Open cadedaniel opened 1 year ago
Hello, any progress on your side? Do you have examples that we could get inspiration? Thanks.
mark
Any ideas about this problem? I tried and ray.serve with vllm do double the GPU consumption.
Is vllm TP support in progress?
For TP, I have a workaround that seems to work in my case...
I remove the num_gpus
option for the deployment itself (VLLMPredictDeployment
). This option for the deployment seems mostly to be for scheduling (to tell it to run the deployment on a node with GPU available), since under the hood, vllm also creates a RayWorker that actually uses GPU. The AsyncLLMEngine itself doesn't need GPU to run, as it's calling ray.remote to these RayWorkers that run the workload on GPU.
What you could do instead is to add a custom resource to GPU nodes and have the VLLM deployment require that custom resource to get the top-level deployment to get deployed to a node with GPU. Another alternative is to set num_cpus
in such a way that the scheduler will always try to put the vllm deployment onto a GPU node), without actually reserving a GPU for itself.
However, I am running into another issue, which is that for a long-running VLLM deployment, the RayWorker
actors that vllm is creating die at some point and are never recreated. In the case (when the RayWorkers
are all dead) VLLMPredictDeployment
will give the following error:
return (yield from awaitable.__await__())

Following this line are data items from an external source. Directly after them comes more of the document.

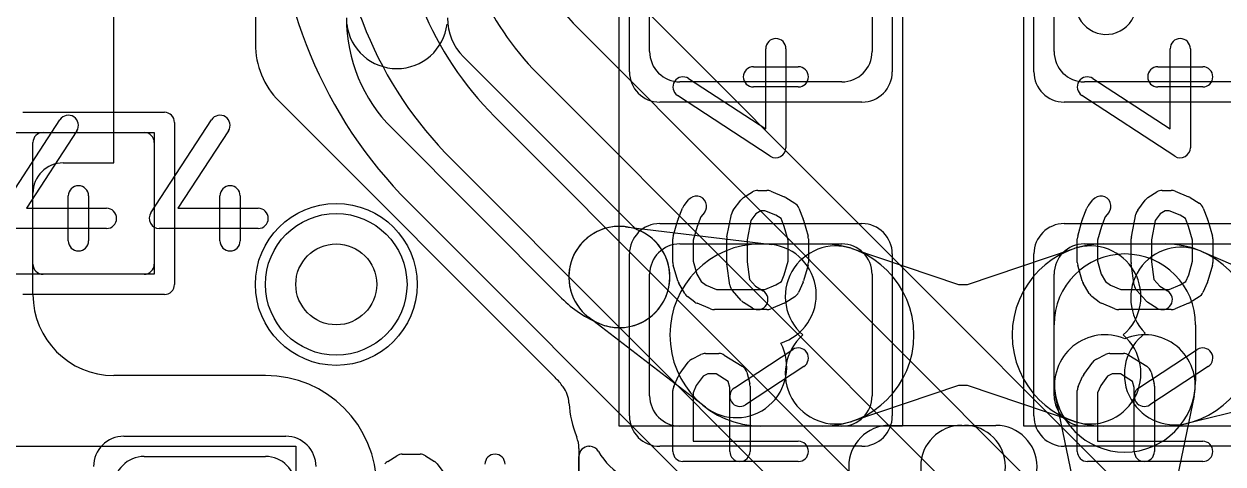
# Model space of a CAD drawing. Extents: x -3.9 to 29.3, y -3.9 to 20.
# Drawn here: x 5.028 to 7.993, y 7.356 to 8.443 of the extents above; entities that cross this region are included whole.
import ezdxf

# ---------------------------------------------------------------- set-up
doc = ezdxf.new("R2010")
doc.units = 0
for name, color, linetype in [('Hole', 1, 'CONTINUOUS'), ('L1', 3, 'CONTINUOUS'), ('L2', 3, 'CONTINUOUS'), ('L3', 3, 'CONTINUOUS'), ('L4', 3, 'CONTINUOUS'), ('MetalMask-A', 176, 'CONTINUOUS'), ('PartsArea-A', 111, 'CONTINUOUS'), ('PartsSilk-A', 221, 'CONTINUOUS'), ('Resist-A', 2, 'CONTINUOUS'), ('Resist-B', 2, 'CONTINUOUS'), ('Silk-A', 140, 'CONTINUOUS')]:
    doc.layers.add(name, color=color, linetype=linetype)

msp = doc.modelspace()

# ---------------------------------------------------------------- linework, layer by layer
at = {"layer": 'Hole'}
msp.add_circle((5.8, 7.8), 0.1, dxfattribs=at)
at = {"layer": 'L1'}
for p, q in [((5.25, 8.1), (5.25, 9.57503)), ((5.59996, 8.95), (5.59996, 8.3939)), ((6.575, 8.375), (6.575, 8.675)), ((7.125, 8.675), (7.125, 8.375)), ((7.575, 8.375), (7.575, 8.675)), ((6.11465, 8.36211), (6.53411, 7.94265)), ((7.05, 8.3), (6.65, 8.3)), ((8.05, 8.3), (7.65, 8.3)), ((5.65854, 8.25248), (6.34142, 7.56962)), ((6.35734, 7.76588), (5.93788, 8.18534)), ((5.075, 8.175), (5.325, 8.175)), ((5.05, 7.85), (5.05, 8.15)), ((5.35, 8.15), (5.35, 7.85)), ((5.12497, 8.1), (5.25, 8.1)), ((5.05, 7.77504), (5.05, 8.02503)), ((6.51505, 7.94227), (6.87709, 7.89836)), ((6.65, 7.9), (7.05, 7.9)), ((6.85, 7.9), (7.00357, 7.9)), ((7.075, 7.88836), (7.33892, 7.8)), ((7.36108, 7.8), (7.625, 7.88836)), ((7.65, 7.9), (8.05, 7.9)), ((7.69643, 7.9), (7.85, 7.9)), ((7.93891, 7.88169), (8.19458, 7.77172)), ((5.325, 7.825), (5.075, 7.825)), ((6.575, 7.525), (6.575, 7.825)), ((7.125, 7.825), (7.125, 7.525)), ((7.33892, 7.8), (7.36108, 7.8)), ((7.575, 7.525), (7.575, 7.825)), ((6.71277, 7.49669), (6.42376, 7.71912)), ((7.575, 7.56071), (7.575, 7.7)), ((7.925, 7.7), (7.925, 7.56071)), ((5.625, 7.57504), (5.25, 7.57504)), ((7.33892, 7.55), (7.075, 7.46164)), ((7.36108, 7.55), (7.33892, 7.55)), ((7.625, 7.46164), (7.36108, 7.55)), ((7.625, 7.30281), (7.57868, 7.52499)), ((7.92132, 7.52499), (7.875, 7.30281)), ((8.17383, 7.52258), (7.90346, 7.45644)), ((7.05, 7.45), (6.65, 7.45)), ((7.00357, 7.45), (6.85, 7.45)), ((8.05, 7.45), (7.65, 7.45)), ((7.85, 7.45), (7.69643, 7.45)), ((6.4, 7.39499), (6.4, 6.87501)), ((5.32497, 7.375), (5.62503, 7.375)), ((5.325, 7.375), (5.625, 7.375))]:
    msp.add_line(p, q, dxfattribs=at)
msp.add_circle((5.8, 7.8), 0.2, dxfattribs=at)
for centre, radius, start, end in [((7.70362, 8.49226), 0.075, -167.39247, 12.60961), ((6.21039, 8.45785), 0.38539, 179.99851, -135), ((6.21039, 8.45785), 0.13539, 179.99577, -135), ((5.95, 8.45786), 0.125, -173.16323, -6.83677), ((5.79996, 8.3939), 0.2, 180, -135), ((6.65, 8.375), 0.075, 180, -90), ((7.05, 8.375), 0.075, -90, 0), ((7.65, 8.375), 0.075, 180, -90), ((5.075, 8.15), 0.025, 90, 180), ((5.325, 8.15), 0.025, 0, 90), ((5.12497, 8.02503), 0.07497, 90, 180), ((6.5, 7.81818), 0.125, 83.08477, -127.58312), ((6.5, 7.81818), 0.125, 89.99542, -90.00458), ((6.49999, 7.81818), 0.125, -112.25423, 67.74718), ((6.5, 7.81818), 0.125, -90.00458, 89.99542), ((6.56256, 7.9711), 0.04023, -135, -112.24842), ((6.65, 7.825), 0.075, 90, 180), ((6.85, 7.675), 0.225, 90, -90), ((6.86204, 7.77427), 0.125, -72.73922, 83.08466), ((7.03532, 7.76983), 0.125, 71.49112, -130.65598), ((7.00357, 7.675), 0.225, -90, 90), ((7.05, 7.825), 0.075, 0, 90), ((7.69643, 7.675), 0.225, 90, -90), ((7.65, 7.825), 0.075, 90, 180), ((7.66468, 7.76983), 0.125, -49.34402, 108.51016), ((7.88952, 7.76686), 0.125, 66.72678, -135.4246), ((7.85, 7.675), 0.225, -90, 90), ((7.75, 7.7), 0.175, 0, 180), ((5.075, 7.85), 0.025, 180, -90), ((5.325, 7.85), 0.025, -90, 0), ((5.25, 7.77504), 0.2, 180, -90), ((6.56256, 7.9711), 0.29023, -135, -112.25282), ((7.87376, 7.57786), 0.125, 125.88988, -76.25359), ((6.78901, 7.59575), 0.125, -127.58312, 28.24208), ((7.03532, 7.58017), 0.125, 130.65598, -71.48984), ((7.70105, 7.5505), 0.125, 66.94646, -168.22343), ((7.66468, 7.58017), 0.125, -108.50888, 49.34402), ((7.79895, 7.5505), 0.125, -11.77558, 113.05354), ((5.625, 7.3), 0.27504, 0, 90), ((6.2, 7.4282), 0.2, 36.3273, 45), ((7.75, 7.56071), 0.175, 180, 0), ((6.30073, 7.50227), 0.07497, 3.7246, 36.32574), ((6.65, 7.525), 0.27504, -176.27683, -158.1955), ((6.65, 7.525), 0.075, 180, -90), ((7.05, 7.525), 0.075, -90, 0), ((7.65, 7.525), 0.075, 180, -90), ((6.32503, 7.39499), 0.07497, 0, 21.80567), ((5.32497, 7.30003), 0.07497, 90, 180), ((5.325, 7.3), 0.075, 90, 180), ((5.625, 7.3), 0.075, 0, 90), ((5.62503, 7.30003), 0.07497, 0, 90)]:
    msp.add_arc(centre, radius, start, end, dxfattribs=at)
at = {"layer": 'L2'}
msp.add_circle((5.8, 7.8), 0.2, dxfattribs=at)
at = {"layer": 'L3'}
msp.add_circle((5.8, 7.8), 0.2, dxfattribs=at)
at = {"layer": 'L4'}
for p, q in [((7.80765, 7.23487), (6.50986, 8.53264)), ((6.40377, 8.42655), (7.70155, 7.12877)), ((7.59549, 7.02271), (6.2977, 8.32048)), ((6.1916, 8.21448), (8.07729, 6.32877)), ((7.97123, 6.22271), (6.08553, 8.10841)), ((5.97944, 8.00232), (7.86513, 6.11662))]:
    msp.add_line(p, q, dxfattribs=at)
msp.add_circle((5.8, 7.8), 0.2, dxfattribs=at)
for centre, radius, start, end in [((6.77496, 8.79785), 1.12504, -179.99898, -134.99964), ((6.77496, 8.79784), 0.975, -179.99941, -135), ((6.77496, 8.79784), 0.825, -179.99931, -135), ((6.775, 8.79778), 0.675, 179.99915, -135), ((6.775, 8.79778), 0.525, 179.99891, -135)]:
    msp.add_arc(centre, radius, start, end, dxfattribs=at)
at = {"layer": 'MetalMask-A'}
for p, q in [((6.575, 8.375), (6.575, 8.675)), ((7.125, 8.675), (7.125, 8.375)), ((7.575, 8.375), (7.575, 8.675)), ((7.05, 8.3), (6.65, 8.3)), ((8.05, 8.3), (7.65, 8.3)), ((5.075, 8.175), (5.325, 8.175)), ((5.05, 7.85), (5.05, 8.15)), ((5.35, 8.15), (5.35, 7.85)), ((6.65, 7.9), (7.05, 7.9)), ((7.65, 7.9), (8.05, 7.9)), ((5.325, 7.825), (5.075, 7.825)), ((6.575, 7.525), (6.575, 7.825)), ((7.125, 7.825), (7.125, 7.525)), ((7.575, 7.525), (7.575, 7.825)), ((7.05, 7.45), (6.65, 7.45)), ((8.05, 7.45), (7.65, 7.45)), ((5.325, 7.375), (5.625, 7.375))]:
    msp.add_line(p, q, dxfattribs=at)
for centre, radius, start, end in [((6.65, 8.375), 0.075, 180, -90), ((7.05, 8.375), 0.075, -90, 0), ((7.65, 8.375), 0.075, 180, -90), ((5.075, 8.15), 0.025, 90, 180), ((5.325, 8.15), 0.025, 0, 90), ((6.65, 7.825), 0.075, 90, 180), ((7.05, 7.825), 0.075, 0, 90), ((7.65, 7.825), 0.075, 90, 180), ((5.075, 7.85), 0.025, 180, -90), ((5.325, 7.85), 0.025, -90, 0), ((6.65, 7.525), 0.075, 180, -90), ((7.05, 7.525), 0.075, -90, 0), ((7.65, 7.525), 0.075, 180, -90), ((5.325, 7.3), 0.075, 90, 180), ((5.625, 7.3), 0.075, 0, 90)]:
    msp.add_arc(centre, radius, start, end, dxfattribs=at)
at = {"layer": 'PartsArea-A'}
for p, q in [((6.5, 7.45), (6.5, 8.75)), ((7.2, 8.75), (7.2, 7.45)), ((7.5, 7.45), (7.5, 8.75)), ((4.55, 8.175), (5.35, 8.175)), ((5.35, 8.175), (5.35, 7.825)), ((5.35, 7.825), (4.55, 7.825)), ((7.2, 7.45), (6.5, 7.45)), ((8.2, 7.45), (7.5, 7.45)), ((4.4, 7.4), (5.7, 7.4)), ((5.7, 7.4), (5.7, 6.8))]:
    msp.add_line(p, q, dxfattribs=at)
at = {"layer": 'PartsSilk-A'}
for p, q in [((6.86204, 8.18369), (6.86204, 8.38194)), ((6.91204, 8.38194), (6.91204, 8.1375)), ((7.86204, 8.18369), (7.86204, 8.38194)), ((7.91204, 8.38194), (7.91204, 8.1375)), ((6.83148, 8.3375), (6.94259, 8.3375)), ((7.83148, 8.3375), (7.94259, 8.3375)), ((6.67108, 8.30843), (6.86204, 8.18369)), ((7.67108, 8.30843), (7.86204, 8.18369)), ((6.94259, 8.2875), (6.83148, 8.2875)), ((7.94259, 8.2875), (7.83148, 8.2875)), ((6.87337, 8.11657), (6.64374, 8.26657)), ((7.87337, 8.11657), (7.64374, 8.26657)), ((4.96657, 7.97663), (5.11657, 8.20626)), ((5.34157, 7.97663), (5.49157, 8.20626)), ((5.15843, 8.17892), (5.03369, 7.98796)), ((5.53343, 8.17892), (5.40869, 7.98796)), ((5.1375, 7.90741), (5.1375, 8.01852)), ((5.1875, 8.01852), (5.1875, 7.90741)), ((5.5125, 7.90741), (5.5125, 8.01852)), ((5.5625, 8.01852), (5.5625, 7.90741)), ((6.66011, 7.99479), (6.67122, 8.00868)), ((6.78176, 7.98294), (6.80028, 8.00794)), ((6.80713, 8.01426), (6.82935, 8.02814)), ((6.84259, 8.03194), (6.86481, 8.03194)), ((6.87442, 8.03002), (6.90776, 8.01614)), ((6.9114, 8.01426), (6.93362, 8.00037)), ((7.66011, 7.99479), (7.67122, 8.00868)), ((7.78176, 7.98294), (7.80028, 8.00794)), ((7.80713, 8.01426), (7.82935, 8.02814)), ((7.84259, 8.03194), (7.86481, 8.03194)), ((7.87442, 8.03002), (7.90776, 8.01614)), ((7.9114, 8.01426), (7.93362, 8.00037)), ((5.03369, 7.98796), (5.23194, 7.98796)), ((5.40869, 7.98796), (5.60694, 7.98796)), ((6.64531, 7.96067), (6.65642, 7.98845)), ((6.71026, 7.97744), (6.70147, 7.96645)), ((6.84976, 7.98194), (6.83764, 7.97437)), ((6.85981, 7.98194), (6.84976, 7.98194)), ((6.88664, 7.97077), (6.85981, 7.98194)), ((6.94358, 7.98845), (6.95469, 7.96067)), ((7.64531, 7.96067), (7.65642, 7.98845)), ((7.71026, 7.97744), (7.70147, 7.96645)), ((7.84976, 7.98194), (7.83764, 7.97437)), ((7.85981, 7.98194), (7.84976, 7.98194)), ((7.88664, 7.97077), (7.85981, 7.98194)), ((7.94358, 7.98845), (7.95469, 7.96067)), ((6.63337, 7.91937), (6.64448, 7.95826)), ((6.70147, 7.96645), (6.69221, 7.94329)), ((6.76623, 7.9174), (6.77734, 7.97296)), ((6.82527, 7.95767), (6.81574, 7.91002)), ((6.83764, 7.97437), (6.82527, 7.95767)), ((6.90019, 7.9623), (6.88664, 7.97077)), ((6.90779, 7.94329), (6.90019, 7.9623)), ((6.95552, 7.95826), (6.96663, 7.91937)), ((7.63337, 7.91937), (7.64448, 7.95826)), ((7.70147, 7.96645), (7.69221, 7.94329)), ((7.76623, 7.9174), (7.77734, 7.97296)), ((7.82527, 7.95767), (7.81574, 7.91002)), ((7.83764, 7.97437), (7.82527, 7.95767)), ((7.90019, 7.9623), (7.88664, 7.97077)), ((7.90779, 7.94329), (7.90019, 7.9623)), ((7.95552, 7.95826), (7.96663, 7.91937)), ((5.23194, 7.93796), (4.9875, 7.93796)), ((5.60694, 7.93796), (5.3625, 7.93796)), ((6.69221, 7.94329), (6.68241, 7.909)), ((6.91759, 7.909), (6.90779, 7.94329)), ((7.69221, 7.94329), (7.68241, 7.909)), ((7.91759, 7.909), (7.90779, 7.94329)), ((6.63241, 7.85417), (6.63241, 7.9125)), ((6.68241, 7.909), (6.68241, 7.85767)), ((6.76574, 7.85417), (6.76574, 7.9125)), ((6.81574, 7.91002), (6.81574, 7.85592)), ((6.91759, 7.85767), (6.91759, 7.909)), ((6.96759, 7.9125), (6.96759, 7.85417)), ((7.63241, 7.85417), (7.63241, 7.9125)), ((7.68241, 7.909), (7.68241, 7.85767)), ((7.76574, 7.85417), (7.76574, 7.9125)), ((7.81574, 7.91002), (7.81574, 7.85592)), ((7.91759, 7.85767), (7.91759, 7.909)), ((7.96759, 7.9125), (7.96759, 7.85417)), ((6.68241, 7.85767), (6.69167, 7.82525)), ((6.90792, 7.82383), (6.91759, 7.85767)), ((7.68241, 7.85767), (7.69167, 7.82525)), ((7.90792, 7.82383), (7.91759, 7.85767)), ((6.64448, 7.80841), (6.63337, 7.8473)), ((6.77339, 7.79791), (6.76598, 7.85069)), ((6.81574, 7.85592), (6.82186, 7.81235)), ((6.96663, 7.8473), (6.95552, 7.80841)), ((7.64448, 7.80841), (7.63337, 7.8473)), ((7.77339, 7.79791), (7.76598, 7.85069)), ((7.81574, 7.85592), (7.82186, 7.81235)), ((7.96663, 7.8473), (7.95552, 7.80841)), ((6.66182, 7.77754), (6.64701, 7.80254)), ((6.69167, 7.82525), (6.70231, 7.8073)), ((6.70231, 7.8073), (6.71435, 7.79827)), ((6.71435, 7.79827), (6.74019, 7.7875)), ((6.82186, 7.81235), (6.83667, 7.79568)), ((6.85981, 7.7875), (6.88664, 7.79868)), ((6.88664, 7.79868), (6.90063, 7.80742)), ((6.90063, 7.80742), (6.90792, 7.82383)), ((6.95433, 7.80513), (6.94322, 7.78013)), ((7.66182, 7.77754), (7.64701, 7.80254)), ((7.69167, 7.82525), (7.70231, 7.8073)), ((7.70231, 7.8073), (7.71435, 7.79827)), ((7.71435, 7.79827), (7.74019, 7.7875)), ((7.82186, 7.81235), (7.83667, 7.79568)), ((7.85981, 7.7875), (7.88664, 7.79868)), ((7.88664, 7.79868), (7.90063, 7.80742)), ((7.90063, 7.80742), (7.90792, 7.82383)), ((7.95433, 7.80513), (7.94322, 7.78013)), ((6.68685, 7.75639), (6.66833, 7.77028)), ((6.74019, 7.7875), (6.85981, 7.7875)), ((6.80168, 7.75978), (6.77946, 7.78478)), ((6.83667, 7.79568), (6.85584, 7.7837)), ((6.93362, 7.76908), (6.9114, 7.75519)), ((7.68685, 7.75639), (7.66833, 7.77028)), ((7.74019, 7.7875), (7.85981, 7.7875)), ((7.80168, 7.75978), (7.77946, 7.78478)), ((7.83667, 7.79568), (7.85584, 7.7837)), ((7.93362, 7.76908), (7.9114, 7.75519)), ((6.72558, 7.73942), (6.69224, 7.75331)), ((6.82934, 7.7413), (6.80712, 7.75519)), ((6.90776, 7.75331), (6.87442, 7.73942)), ((7.72558, 7.73942), (7.69224, 7.75331)), ((7.82934, 7.7413), (7.80712, 7.75519)), ((7.90776, 7.75331), (7.87442, 7.73942)), ((6.86481, 7.7375), (6.73519, 7.7375)), ((7.86481, 7.7375), (7.73519, 7.7375)), ((6.67956, 7.61542), (6.70178, 7.62653)), ((6.71296, 7.62917), (6.7463, 7.62917)), ((6.75955, 7.62537), (6.80399, 7.59759)), ((6.78447, 7.54453), (6.92891, 7.63898)), ((7.67956, 7.61542), (7.70178, 7.62653)), ((7.71296, 7.62917), (7.7463, 7.62917)), ((7.75955, 7.62537), (7.80399, 7.59759)), ((7.78447, 7.54453), (7.92891, 7.63898)), ((6.6483, 7.5772), (6.67052, 7.60776)), ((6.95627, 7.59714), (6.81183, 7.50269)), ((7.6483, 7.5772), (7.67052, 7.60776)), ((7.95627, 7.59714), (7.81183, 7.50269)), ((6.63456, 7.54765), (6.64567, 7.57265)), ((6.70737, 7.57343), (6.69029, 7.54993)), ((6.71886, 7.57917), (6.70737, 7.57343)), ((6.73913, 7.57917), (6.71886, 7.57917)), ((6.76913, 7.56042), (6.73913, 7.57917)), ((6.8149, 7.58283), (6.82231, 7.55505)), ((7.63456, 7.54765), (7.64567, 7.57265)), ((7.70737, 7.57343), (7.69029, 7.54993)), ((7.71886, 7.57917), (7.70737, 7.57343)), ((7.73913, 7.57917), (7.71886, 7.57917)), ((7.76913, 7.56042), (7.73913, 7.57917)), ((7.8149, 7.58283), (7.82231, 7.55505)), ((6.63241, 7.3875), (6.63241, 7.5375)), ((6.69029, 7.54993), (6.68241, 7.5322)), ((6.68241, 7.5322), (6.68241, 7.4125)), ((6.77315, 7.54533), (6.76913, 7.56042)), ((6.77315, 7.3875), (6.77315, 7.54533)), ((6.82315, 7.54861), (6.82315, 7.3875)), ((7.63241, 7.3875), (7.63241, 7.5375)), ((7.69029, 7.54993), (7.68241, 7.5322)), ((7.68241, 7.5322), (7.68241, 7.4125)), ((7.77315, 7.54533), (7.76913, 7.56042)), ((7.77315, 7.3875), (7.77315, 7.54533)), ((7.82315, 7.54861), (7.82315, 7.3875)), ((7.1688, 7.4516), (7.4312, 7.4516)), ((6.68241, 7.4125), (6.94259, 7.4125)), ((7.68241, 7.4125), (7.94259, 7.4125)), ((5.92749, 7.36287), (5.94971, 7.37676)), ((5.96296, 7.38056), (6.00741, 7.38056)), ((6.02066, 7.37676), (6.04288, 7.36287)), ((6.04961, 7.3567), (6.16759, 7.19983)), ((6.94259, 7.3625), (6.65741, 7.3625)), ((7.94259, 7.3625), (7.65741, 7.3625))]:
    msp.add_line(p, q, dxfattribs=at)
for centre, radius, start, end in [((6.88704, 8.38194), 0.025, 0, 180), ((7.88704, 8.38194), 0.025, 0, 180), ((6.83148, 8.3125), 0.025, 90, -90), ((6.94259, 8.3125), 0.025, -90, 90), ((7.83148, 8.3125), 0.025, 90, -90), ((7.94259, 8.3125), 0.025, -90, 90), ((6.65741, 8.2875), 0.025, 56.85026, -123.15356), ((7.65741, 8.2875), 0.025, 56.85026, -123.15356), ((5.1375, 8.19259), 0.025, -33.14974, 146.84644), ((5.5125, 8.19259), 0.025, -33.14974, 146.84644), ((6.88704, 8.1375), 0.025, -123.14974, 0), ((7.88704, 8.1375), 0.025, -123.14974, 0), ((5.1625, 8.01852), 0.025, 0, 180), ((5.5375, 8.01852), 0.025, 0, 180), ((6.69074, 7.99306), 0.025, -38.66697, 141.34522), ((6.82037, 7.99306), 0.025, 121.98594, 143.47387), ((6.84259, 8.00694), 0.025, 90, 121.98594), ((6.86481, 8.00694), 0.025, 67.39424, 90), ((6.89815, 7.99306), 0.025, 57.99462, 67.39424), ((7.69074, 7.99306), 0.025, -38.66697, 141.34522), ((7.82037, 7.99306), 0.025, 121.98594, 143.47387), ((7.84259, 8.00694), 0.025, 90, 121.98594), ((7.86481, 8.00694), 0.025, 67.39424, 90), ((7.89815, 7.99306), 0.025, 57.99462, 67.39424), ((5.23194, 7.96296), 0.025, -90, 90), ((5.3625, 7.96296), 0.025, 146.85026, -90), ((5.60694, 7.96296), 0.025, -90, 90), ((6.67963, 7.97917), 0.025, 141.33303, 158.2071), ((6.80185, 7.96806), 0.025, 143.47387, 168.69456), ((6.92037, 7.97917), 0.025, 21.7929, 57.99462), ((7.67963, 7.97917), 0.025, 141.33303, 158.2071), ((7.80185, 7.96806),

ray.exceptions.RayActorError: The actor died unexpectedly before finishing this task.
class_name: RayWorker
actor_id: 1963424394259fade0c44c5501000000
pid: 714
namespace: _ray_internal_dashboard
ip: 100.64.144.72
The actor is dead because all references to the actor were removed
(...)
raise AsyncEngineDeadError(\nvllm.engine.async_llm_engine.AsyncEngineDeadError: Task finished unexpectedly. This should never happen! Please open an issue on Github. See stack trace above for the actual cause..
The example should show tensor parallelism. I am not sure if Serve + vLLM + tensor parallelism works at the moment because the Serve deployment will request N GPUs, then each vLLM worker will request a GPU, duplicating the GPU resource request.